◆ Try it ◆
An exact copy of the lines from the top of the data through the line with "Its self-contained STEP" is what you should give, with no pictures in it.

◆ Records shown ◆

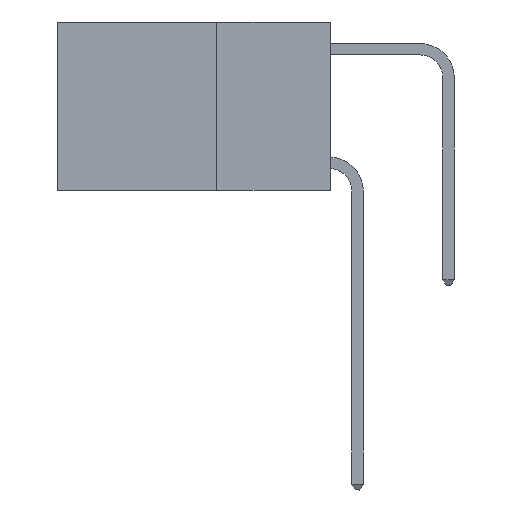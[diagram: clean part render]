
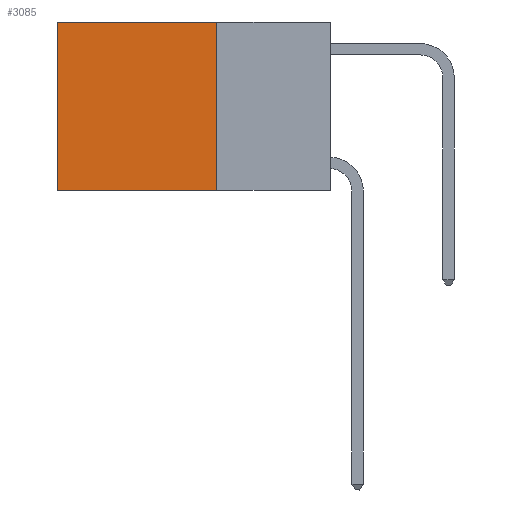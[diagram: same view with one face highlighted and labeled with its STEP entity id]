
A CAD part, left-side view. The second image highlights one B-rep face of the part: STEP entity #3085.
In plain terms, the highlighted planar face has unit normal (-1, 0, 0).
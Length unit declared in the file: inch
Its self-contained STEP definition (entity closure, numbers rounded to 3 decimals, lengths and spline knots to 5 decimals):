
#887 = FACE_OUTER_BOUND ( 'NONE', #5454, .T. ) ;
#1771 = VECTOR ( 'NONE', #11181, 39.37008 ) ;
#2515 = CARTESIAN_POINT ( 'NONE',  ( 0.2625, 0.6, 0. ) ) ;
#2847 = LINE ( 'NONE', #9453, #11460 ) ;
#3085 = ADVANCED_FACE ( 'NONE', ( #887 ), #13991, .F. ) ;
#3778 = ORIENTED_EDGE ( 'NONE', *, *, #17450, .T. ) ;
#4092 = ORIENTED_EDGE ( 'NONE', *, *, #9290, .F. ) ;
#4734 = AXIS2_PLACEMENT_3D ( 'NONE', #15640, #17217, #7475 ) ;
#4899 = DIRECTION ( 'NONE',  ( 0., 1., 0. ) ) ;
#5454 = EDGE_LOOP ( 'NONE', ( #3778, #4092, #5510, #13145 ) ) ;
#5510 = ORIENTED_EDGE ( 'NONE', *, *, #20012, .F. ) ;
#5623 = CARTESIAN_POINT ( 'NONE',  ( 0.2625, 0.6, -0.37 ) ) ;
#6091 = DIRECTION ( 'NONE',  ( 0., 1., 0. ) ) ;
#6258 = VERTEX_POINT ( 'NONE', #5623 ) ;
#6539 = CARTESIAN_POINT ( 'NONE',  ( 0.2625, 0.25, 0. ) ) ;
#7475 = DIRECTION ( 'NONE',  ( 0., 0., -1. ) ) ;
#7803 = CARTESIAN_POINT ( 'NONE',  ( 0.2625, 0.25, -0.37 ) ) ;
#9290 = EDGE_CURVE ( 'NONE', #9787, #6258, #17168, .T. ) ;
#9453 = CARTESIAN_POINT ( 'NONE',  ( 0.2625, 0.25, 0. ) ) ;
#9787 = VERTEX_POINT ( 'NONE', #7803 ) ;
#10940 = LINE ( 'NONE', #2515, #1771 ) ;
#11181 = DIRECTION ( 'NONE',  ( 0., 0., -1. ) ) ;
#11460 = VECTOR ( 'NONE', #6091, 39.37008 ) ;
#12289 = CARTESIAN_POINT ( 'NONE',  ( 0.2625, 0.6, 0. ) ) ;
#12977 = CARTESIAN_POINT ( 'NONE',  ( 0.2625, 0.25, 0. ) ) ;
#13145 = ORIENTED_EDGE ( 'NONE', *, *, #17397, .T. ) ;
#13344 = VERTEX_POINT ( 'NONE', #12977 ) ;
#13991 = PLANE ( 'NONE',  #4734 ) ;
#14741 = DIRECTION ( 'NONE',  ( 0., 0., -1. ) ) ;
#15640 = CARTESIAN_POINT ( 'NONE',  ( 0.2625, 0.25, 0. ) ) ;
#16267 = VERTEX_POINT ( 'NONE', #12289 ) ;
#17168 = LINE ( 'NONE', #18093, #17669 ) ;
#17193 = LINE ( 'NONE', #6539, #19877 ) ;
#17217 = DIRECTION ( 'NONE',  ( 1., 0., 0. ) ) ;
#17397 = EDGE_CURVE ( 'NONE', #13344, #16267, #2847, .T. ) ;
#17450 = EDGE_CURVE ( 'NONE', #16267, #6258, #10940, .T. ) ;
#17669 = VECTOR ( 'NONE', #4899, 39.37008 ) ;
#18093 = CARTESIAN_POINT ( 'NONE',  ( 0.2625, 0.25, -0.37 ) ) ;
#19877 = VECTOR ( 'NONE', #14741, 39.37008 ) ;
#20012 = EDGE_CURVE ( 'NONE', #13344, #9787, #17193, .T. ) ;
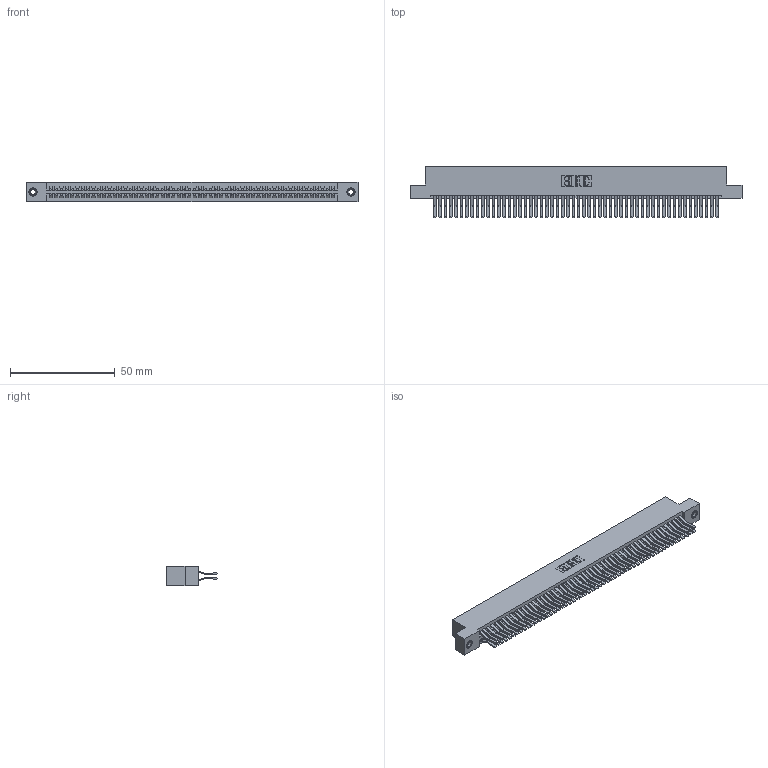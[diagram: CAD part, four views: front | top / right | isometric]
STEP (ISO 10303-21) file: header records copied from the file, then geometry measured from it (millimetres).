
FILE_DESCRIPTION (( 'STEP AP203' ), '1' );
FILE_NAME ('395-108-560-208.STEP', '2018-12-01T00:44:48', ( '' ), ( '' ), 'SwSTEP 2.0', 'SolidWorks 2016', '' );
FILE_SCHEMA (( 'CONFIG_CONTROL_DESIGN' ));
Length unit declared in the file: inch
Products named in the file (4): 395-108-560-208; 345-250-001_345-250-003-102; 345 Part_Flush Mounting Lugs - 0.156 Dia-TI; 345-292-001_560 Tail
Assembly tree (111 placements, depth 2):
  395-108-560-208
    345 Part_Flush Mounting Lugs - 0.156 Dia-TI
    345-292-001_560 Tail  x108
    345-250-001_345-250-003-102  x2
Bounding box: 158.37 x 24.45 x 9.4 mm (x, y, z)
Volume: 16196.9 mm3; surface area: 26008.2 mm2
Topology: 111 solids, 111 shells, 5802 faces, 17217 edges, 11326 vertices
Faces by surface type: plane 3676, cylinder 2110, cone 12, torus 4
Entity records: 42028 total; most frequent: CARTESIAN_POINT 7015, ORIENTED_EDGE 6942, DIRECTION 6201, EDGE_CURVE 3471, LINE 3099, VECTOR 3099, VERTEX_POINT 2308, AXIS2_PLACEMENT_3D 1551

◆ Result of this task ◆
[diagram: clean part render]
[diagram: same view with one face highlighted and labeled with its STEP entity id]
A CAD part, left-side view. The second image highlights one B-rep face of the part: STEP entity #3085.
In plain terms, the highlighted planar face has unit normal (-1, 0, 0).
Length unit declared in the file: inch
Its self-contained STEP definition (entity closure, numbers rounded to 3 decimals, lengths and spline knots to 5 decimals):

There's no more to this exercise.